Джаснах ничего не сказала в ответ, и Шаллан занервничала.
— Письмо? — наконец спросила Джаснах.
— Я знаю старшие, младшие и самые ходовые глифы и могу нарисовать их каллиграфически.
— Как и большинство детей.
— Те, кто знает меня, считают нарисованные мной охранные глифы достаточно выразительными.
— Охранные глифы? — сказала Джаснах. — Я-то думала, что ты хочешь стать ученым, а не распространителем суеверной чепухи.
— Я с детства веду дневник, — продолжала Шаллан, — для того чтобы практиковаться в умении писать.

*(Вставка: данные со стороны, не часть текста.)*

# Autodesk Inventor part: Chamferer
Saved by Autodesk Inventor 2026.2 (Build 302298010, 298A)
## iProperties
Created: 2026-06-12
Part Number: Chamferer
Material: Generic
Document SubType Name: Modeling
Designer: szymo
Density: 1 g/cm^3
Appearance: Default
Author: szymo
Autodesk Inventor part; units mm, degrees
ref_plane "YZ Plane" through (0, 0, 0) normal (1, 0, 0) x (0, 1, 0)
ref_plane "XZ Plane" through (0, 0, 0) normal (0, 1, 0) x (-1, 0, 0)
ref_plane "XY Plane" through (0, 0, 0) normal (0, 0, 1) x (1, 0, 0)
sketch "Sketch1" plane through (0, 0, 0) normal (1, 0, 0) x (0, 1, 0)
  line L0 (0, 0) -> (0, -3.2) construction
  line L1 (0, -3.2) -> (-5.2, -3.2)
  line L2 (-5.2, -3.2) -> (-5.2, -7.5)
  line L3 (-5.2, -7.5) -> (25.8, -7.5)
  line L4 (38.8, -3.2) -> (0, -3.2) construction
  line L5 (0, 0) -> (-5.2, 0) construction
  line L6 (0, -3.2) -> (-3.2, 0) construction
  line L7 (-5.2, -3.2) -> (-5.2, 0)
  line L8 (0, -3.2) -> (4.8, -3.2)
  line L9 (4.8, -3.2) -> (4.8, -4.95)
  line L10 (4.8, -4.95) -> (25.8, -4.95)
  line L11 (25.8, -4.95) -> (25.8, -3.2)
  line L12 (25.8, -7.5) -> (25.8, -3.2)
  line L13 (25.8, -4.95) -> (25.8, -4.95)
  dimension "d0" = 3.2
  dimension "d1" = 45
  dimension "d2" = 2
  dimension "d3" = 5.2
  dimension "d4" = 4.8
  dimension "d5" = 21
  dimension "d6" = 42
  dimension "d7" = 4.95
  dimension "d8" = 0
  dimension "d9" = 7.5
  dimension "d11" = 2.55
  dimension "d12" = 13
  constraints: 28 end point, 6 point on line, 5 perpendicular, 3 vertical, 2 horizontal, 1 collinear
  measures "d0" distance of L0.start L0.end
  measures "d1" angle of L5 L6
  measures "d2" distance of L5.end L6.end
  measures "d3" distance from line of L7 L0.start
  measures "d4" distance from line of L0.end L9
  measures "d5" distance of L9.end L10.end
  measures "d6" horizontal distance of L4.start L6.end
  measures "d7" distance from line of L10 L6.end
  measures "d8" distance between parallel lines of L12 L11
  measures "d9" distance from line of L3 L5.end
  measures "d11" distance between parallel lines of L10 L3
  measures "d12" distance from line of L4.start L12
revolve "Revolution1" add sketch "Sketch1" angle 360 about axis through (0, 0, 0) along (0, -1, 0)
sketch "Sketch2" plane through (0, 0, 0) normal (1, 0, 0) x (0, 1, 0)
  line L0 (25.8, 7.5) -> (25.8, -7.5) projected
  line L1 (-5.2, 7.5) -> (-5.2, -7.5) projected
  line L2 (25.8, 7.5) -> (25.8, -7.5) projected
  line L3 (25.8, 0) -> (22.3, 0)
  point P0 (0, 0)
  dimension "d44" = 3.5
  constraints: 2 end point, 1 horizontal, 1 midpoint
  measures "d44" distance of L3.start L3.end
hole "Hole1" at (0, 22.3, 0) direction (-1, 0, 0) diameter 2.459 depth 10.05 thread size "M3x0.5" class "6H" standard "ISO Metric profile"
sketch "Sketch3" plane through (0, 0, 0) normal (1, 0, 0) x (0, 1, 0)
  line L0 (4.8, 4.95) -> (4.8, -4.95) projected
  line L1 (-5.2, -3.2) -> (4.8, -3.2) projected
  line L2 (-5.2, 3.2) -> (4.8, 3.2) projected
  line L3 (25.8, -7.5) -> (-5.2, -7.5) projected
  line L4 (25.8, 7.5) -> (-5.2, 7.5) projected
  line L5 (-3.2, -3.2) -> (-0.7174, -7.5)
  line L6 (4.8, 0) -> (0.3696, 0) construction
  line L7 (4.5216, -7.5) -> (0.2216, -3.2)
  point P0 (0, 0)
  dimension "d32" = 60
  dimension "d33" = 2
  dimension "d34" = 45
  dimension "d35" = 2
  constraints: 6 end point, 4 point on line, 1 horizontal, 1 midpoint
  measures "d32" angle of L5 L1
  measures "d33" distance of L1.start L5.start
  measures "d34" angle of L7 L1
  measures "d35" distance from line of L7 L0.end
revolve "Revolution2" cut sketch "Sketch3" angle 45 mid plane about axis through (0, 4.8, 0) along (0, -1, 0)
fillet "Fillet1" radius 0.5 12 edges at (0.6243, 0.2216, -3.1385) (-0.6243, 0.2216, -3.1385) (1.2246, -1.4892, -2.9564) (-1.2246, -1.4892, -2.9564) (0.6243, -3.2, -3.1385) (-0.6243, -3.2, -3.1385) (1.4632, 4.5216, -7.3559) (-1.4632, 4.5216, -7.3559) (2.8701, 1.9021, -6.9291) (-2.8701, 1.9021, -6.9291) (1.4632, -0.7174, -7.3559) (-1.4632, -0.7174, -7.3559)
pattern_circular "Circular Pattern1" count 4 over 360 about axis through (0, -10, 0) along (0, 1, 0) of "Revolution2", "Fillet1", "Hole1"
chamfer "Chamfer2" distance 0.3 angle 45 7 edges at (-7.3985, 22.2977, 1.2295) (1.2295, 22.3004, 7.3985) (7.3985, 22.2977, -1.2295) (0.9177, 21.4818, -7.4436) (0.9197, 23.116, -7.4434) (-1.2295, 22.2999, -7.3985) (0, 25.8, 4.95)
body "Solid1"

— Поздравляю, — сказала Джаснах. — Если мне понадобится состряпать отчет о фаршированном пони или описать интересный булыжник, я пошлю за тобой. Можешь чем-то подтвердить свои слова?
Шаллан покраснела.
— При всем уважении, Ваша Светлость, вы получили от меня письмо, и оно было настолько убедительно, что вы решили встретиться со мной.
— Верно, — кивнула Джаснах. — Тебе, очевидно, понадобилось много времени, чтобы написать его. Как у тебя с логикой и связанными искусствами?
— Я изучила начала математики, — сказала Шаллан, все еще взволнованная, — и часто помогала отцу с подсчетами. Я прочитала полные труды Тормаса, Нашана, Ниали Справедливого и, конечно, Нохадона.
— А Пласини?
Кого? — Нет.
— Габратин, Юстара, Маналин, Сиасикк, Шаука-дочь-Хашвета?
Шаллан съежилась и покачала головой. Последнее имя, очевидно, синское. Неужели в Синоваре есть мастера-логики? Неужели Джаснах действительно ожидает, что ее подопечная изучила эти темные тексты?
— Да, поняла, — сказала Джаснах. — Что с историей?
История. Шаллан сжалась еще больше.
— Это... это как раз та область, Ваша Светлость, где мои познания недостаточны. Отец не смог найти для меня подходящего учителя. Я прочитала все исторические книги, которые у него были...
— Какие?
— "Темы" Барлеши Лана главным образом.
Джаснах пренебрежительно махнула свободной рукой.
— Пустая трата времени. В лучшем случае поверхностный обзор исторических событий.